Pinsley didn’t know where he was now, but he knew where he would be heading. It was time to go back to the theatre.
CHAPTER TWENTY FIVE
Jean-Charles Ariette wrapped his opera cloak around his shoulders, preparing for his next great performance. His heart should have been pounding with nerves at the thought of what he was going to do, yet instead, he felt strangely calm. Killing calmed him, it seemed, in a way that almost nothing else did.
This role was different from any of those he had played out on the stage, meaning more, achieving more. How many years had he spent as only a middling actor, getting some roles, being cast aside from others for no reason that he could see? How many rejections had there been, because directors couldn’t see his potential? How many half-full houses had he played before, because the critics were damning, or simply uninterested?
Well, they were interested now. Jean-Charles had heard that the theatre was packed now every night with those wanting to see if something would happen, or simply wanting to say that they had been there. Honestly, he thought as he stretched a velvet rope between his hands to test the tension, the ghoulishness of some people was simply too much.
Not that Jean-Charles was doing this simply for the responses
of the watching public, of course. That would be the motivation of a madman. In any case, if that were his only reason, then he could have done something like this years ago.
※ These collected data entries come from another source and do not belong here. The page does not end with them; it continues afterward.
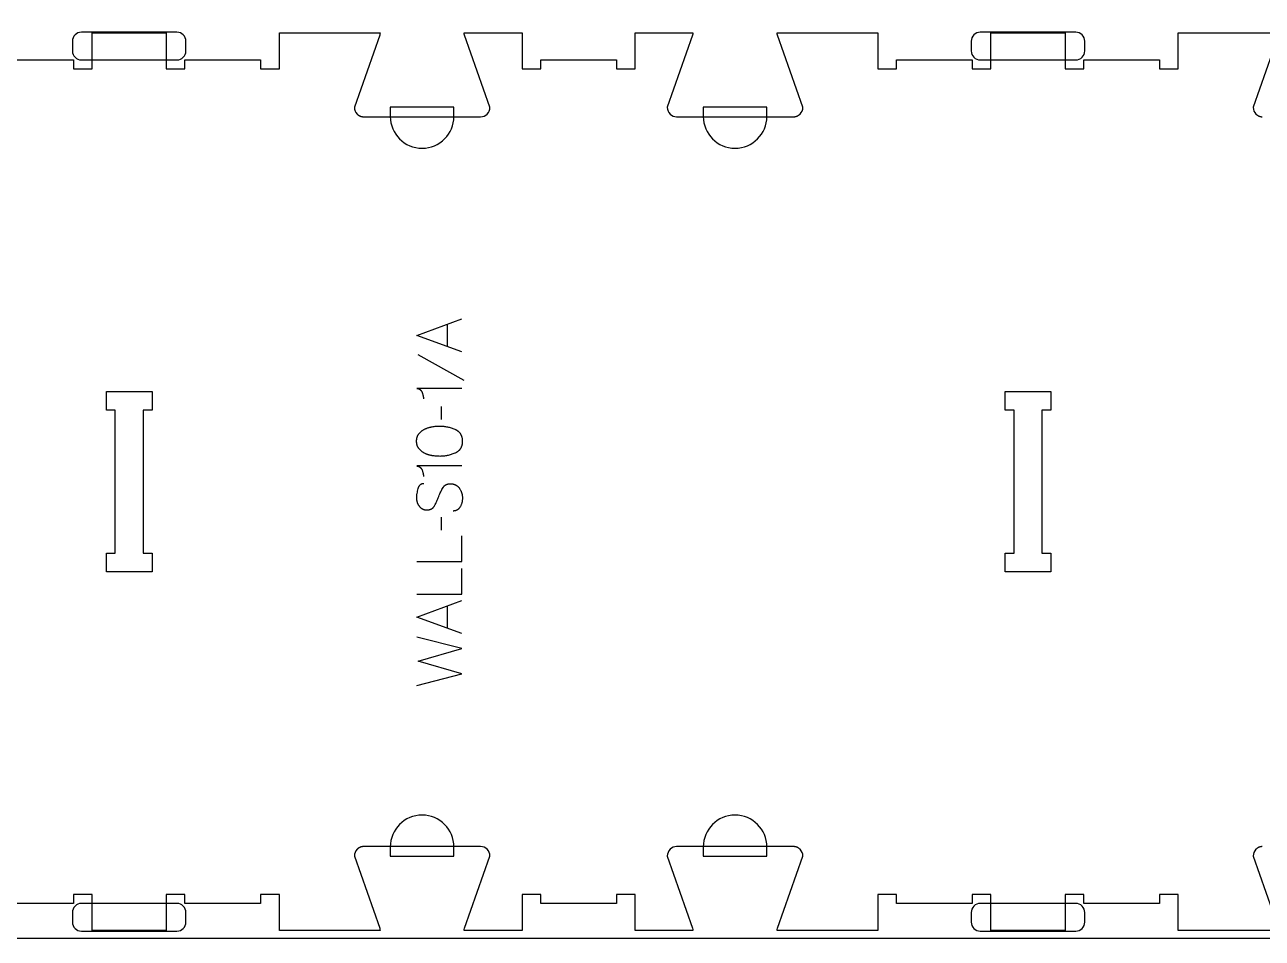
# Model space of a CAD drawing. Extents: x -20252 to -17068, y -10461 to -4867.
# Drawn here: x -18720 to -17894, y -6791 to -6181 of the extents above; entities that cross this region are included whole.
import ezdxf

# ---------------------------------------------------------------- set-up
doc = ezdxf.new("R2010")
doc.units = 0
for name, color, linetype in [('0_SHEET_SPRUCEPLY_2440X122', 1, 'CONTINUOUS'), ('1_ANYTOOL_1MMDEEP_LABELS_S', 2, 'CONTINUOUS'), ('3_ANYTOOL_CUTTHROUGH_INSID', 4, 'CONTINUOUS'), ('4_ANYTOOL_CUTTHROUGH_OUTSI', 5, 'CONTINUOUS'), ('5_ANYTOOL_HALF_MILL_9MM_IN', 3, 'CONTINUOUS')]:
    doc.layers.add(name, color=color, linetype=linetype)

msp = doc.modelspace()

# ---------------------------------------------------------------- linework, layer by layer
at = {"layer": '0_SHEET_SPRUCEPLY_2440X122'}
msp.add_lwpolyline([(-19879.92, -5571.21), (-19879.92, -6791.21), (-17439.92, -6791.21), (-17439.92, -5571.21)], close=True, dxfattribs=at)
at = {"layer": '1_ANYTOOL_1MMDEEP_LABELS_S'}
for points in [[(-18428.53, -6399.42), (-18458.53, -6388.54), (-18428.53, -6377.48)], [(-18438.09, -6395.95), (-18438.09, -6381.04)], [(-18458.06, -6401.14), (-18427.29, -6418.32)], [(-18428.53, -6423.85), (-18458.57, -6423.85), (-18458.42, -6423.87), (-18458.27, -6423.9), (-18458.13, -6423.93), (-18457.99, -6423.96), (-18457.85, -6423.99), (-18457.71, -6424.03), (-18457.58, -6424.08), (-18457.44, -6424.13), (-18457.32, -6424.18), (-18457.19, -6424.24), (-18457.13, -6424.27), (-18457.07, -6424.3), (-18457.01, -6424.33), (-18456.95, -6424.36), (-18456.89, -6424.39), (-18456.83, -6424.43), (-18456.78, -6424.46), (-18456.72, -6424.5), (-18456.66, -6424.54), (-18456.61, -6424.58), (-18456.55, -6424.61), (-18456.5, -6424.66), (-18456.45, -6424.7), (-18456.4, -6424.74), (-18456.34, -6424.78), (-18456.29, -6424.83), (-18456.24, -6424.87), (-18456.19, -6424.92), (-18456.15, -6424.97), (-18456.1, -6425.01), (-18456.05, -6425.06), (-18456, -6425.11), (-18455.91, -6425.22), (-18455.83, -6425.32), (-18455.74, -6425.43), (-18455.66, -6425.55), (-18455.58, -6425.67), (-18455.5, -6425.79), (-18455.43, -6425.92), (-18455.36, -6426.05), (-18455.29, -6426.18), (-18455.23, -6426.32), (-18455.17, -6426.47), (-18455.05, -6426.75), (-18454.94, -6427.04), (-18454.84, -6427.32), (-18454.74, -6427.61), (-18454.66, -6427.89), (-18454.58, -6428.17), (-18454.51, -6428.44), (-18454.44, -6428.72), (-18454.39, -6428.99), (-18454.34, -6429.26), (-18454.3, -6429.53), (-18454.26, -6429.79), (-18454.24, -6430.06), (-18454.22, -6430.32), (-18454.21, -6430.58), (-18454.2, -6430.84)], [(-18442.42, -6435.98), (-18442.33, -6444.77)], [(-18428.53, -6475.71), (-18458.57, -6475.71), (-18458.42, -6475.73), (-18458.27, -6475.75), (-18458.13, -6475.78), (-18457.99, -6475.82), (-18457.85, -6475.85), (-18457.71, -6475.89), (-18457.58, -6475.94), (-18457.44, -6475.98), (-18457.32, -6476.04), (-18457.19, -6476.09), (-18457.13, -6476.12), (-18457.07, -6476.15), (-18457.01, -6476.18), (-18456.95, -6476.22), (-18456.89, -6476.25), (-18456.83, -6476.28), (-18456.78, -6476.32), (-18456.72, -6476.36), (-18456.66, -6476.39), (-18456.61, -6476.43), (-18456.55, -6476.47), (-18456.5, -6476.51), (-18456.45, -6476.55), (-18456.4, -6476.6), (-18456.34, -6476.64), (-18456.29, -6476.68), (-18456.24, -6476.73), (-18456.19, -6476.77), (-18456.15, -6476.82), (-18456.1, -6476.87), (-18456.05, -6476.92), (-18456, -6476.97), (-18455.91, -6477.07), (-18455.83, -6477.18), (-18455.74, -6477.29), (-18455.66, -6477.41), (-18455.58, -6477.53), (-18455.5, -6477.65), (-18455.43, -6477.78), (-18455.36, -6477.91), (-18455.29, -6478.04), (-18455.23, -6478.18), (-18455.17, -6478.32), (-18455.05, -6478.61), (-18454.94, -6478.9), (-18454.84, -6479.18), (-18454.74, -6479.46), (-18454.66, -6479.74), (-18454.58, -6480.02), (-18454.51, -6480.3), (-18454.44, -6480.57), (-18454.39, -6480.85), (-18454.34, -6481.12), (-18454.3, -6481.38), (-18454.26, -6481.65), (-18454.24, -6481.91), (-18454.22, -6482.18), (-18454.21, -6482.44), (-18454.2, -6482.69)], [(-18453.94, -6487.58), (-18454.13, -6487.58), (-18454.23, -6487.59), (-18454.32, -6487.59), (-18454.41, -6487.6), (-18454.5, -6487.61), (-18454.59, -6487.62), (-18454.67, -6487.63), (-18454.76, -6487.64), (-18454.84, -6487.66), (-18454.93, -6487.68), (-18455.01, -6487.7), (-18455.09, -6487.72), (-18455.18, -6487.74), (-18455.26, -6487.76), (-18455.33, -6487.78), (-18455.41, -6487.81), (-18455.49, -6487.84), (-18455.57, -6487.87), (-18455.64, -6487.9), (-18455.72, -6487.93), (-18455.79, -6487.97), (-18455.86, -6488), (-18455.93, -6488.04), (-18456, -6488.08), (-18456.07, -6488.12), (-18456.14, -6488.16), (-18456.21, -6488.21), (-18456.27, -6488.25), (-18456.34, -6488.3), (-18456.4, -6488.35), (-18456.46, -6488.4), (-18456.52, -6488.45), (-18456.59, -6488.51), (-18456.64, -6488.56), (-18456.7, -6488.62), (-18456.76, -6488.68), (-18456.82, -6488.74), (-18456.87, -6488.8), (-18456.93, -6488.86), (-18456.98, -6488.93), (-18457.03, -6488.99), (-18457.09, -6489.06), (-18457.14, -6489.13), (-18457.19, -6489.2), (-18457.23, -6489.27), (-18457.28, -6489.35), (-18457.33, -6489.42), (-18457.37, -6489.5), (-18457.42, -6489.58), (-18457.46, -6489.66), (-18457.5, -6489.74), (-18457.58, -6489.91), (-18457.66, -6490.09), (-18457.74, -6490.27), (-18457.8, -6490.46), (-18457.87, -6490.66), (-18457.93, -6490.86), (-18458.15, -6491.67), (-18458.34, -6492.47), (-18458.51, -6493.25), (-18458.64, -6494.02), (-18458.69, -6494.4), (-18458.74, -6494.78), (-18458.78, -6495.15), (-18458.81, -6495.52), (-18458.84, -6495.89), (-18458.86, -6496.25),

He’d had thoughts about it, obviously. All his life, he’d wondered what it would be like to kill someone. A part of him wished that he’d been there back in the days of the Terror of 1793, or the sudden violence of 1830’s attempt at a revolution. The quieter one of the current Emperor hadn’t provided the same… opportunities. Every time he’d thrust a prop sword under someone’s arm on stage, he’d found himself wondering what it would be like to drive it into their heart. Every time an actor pretended death on the stage, Jean-Charles had been disappointed at the unreality of it.
It certainly didn’t compare to the real thing.
How different would things have been if Amelie had never left, never walked away from him without a word like the prima donna she was? He would never have found this, never have found the one thing that felt better than all the rest of it put together.
This was her fault. He’d thought that he was happy while he was with her. He’d thought that life was beautiful. For a while, it had been. They’d been together, the two of them against the world when neither of them could get more than bit parts in plays. They’d been struggling, but they’d been struggling together, and they’d had one another.
Then, Amelie had started to get more famous. Admirers had sent her gifts, like they didn’t know, or didn’t care, that she was his. Her reaction to it was even worse, because she acted like it was flattering for strange men to send her the most expensive perfumes, or like she had the right to do what she wanted simply because she had never yet given in to his wish to marry her.
When Jean-Charles had raged at her for all that, she’d always walked out for a few days, and made him feel like he was the one in the wrong. Well, she’d gone too far this time.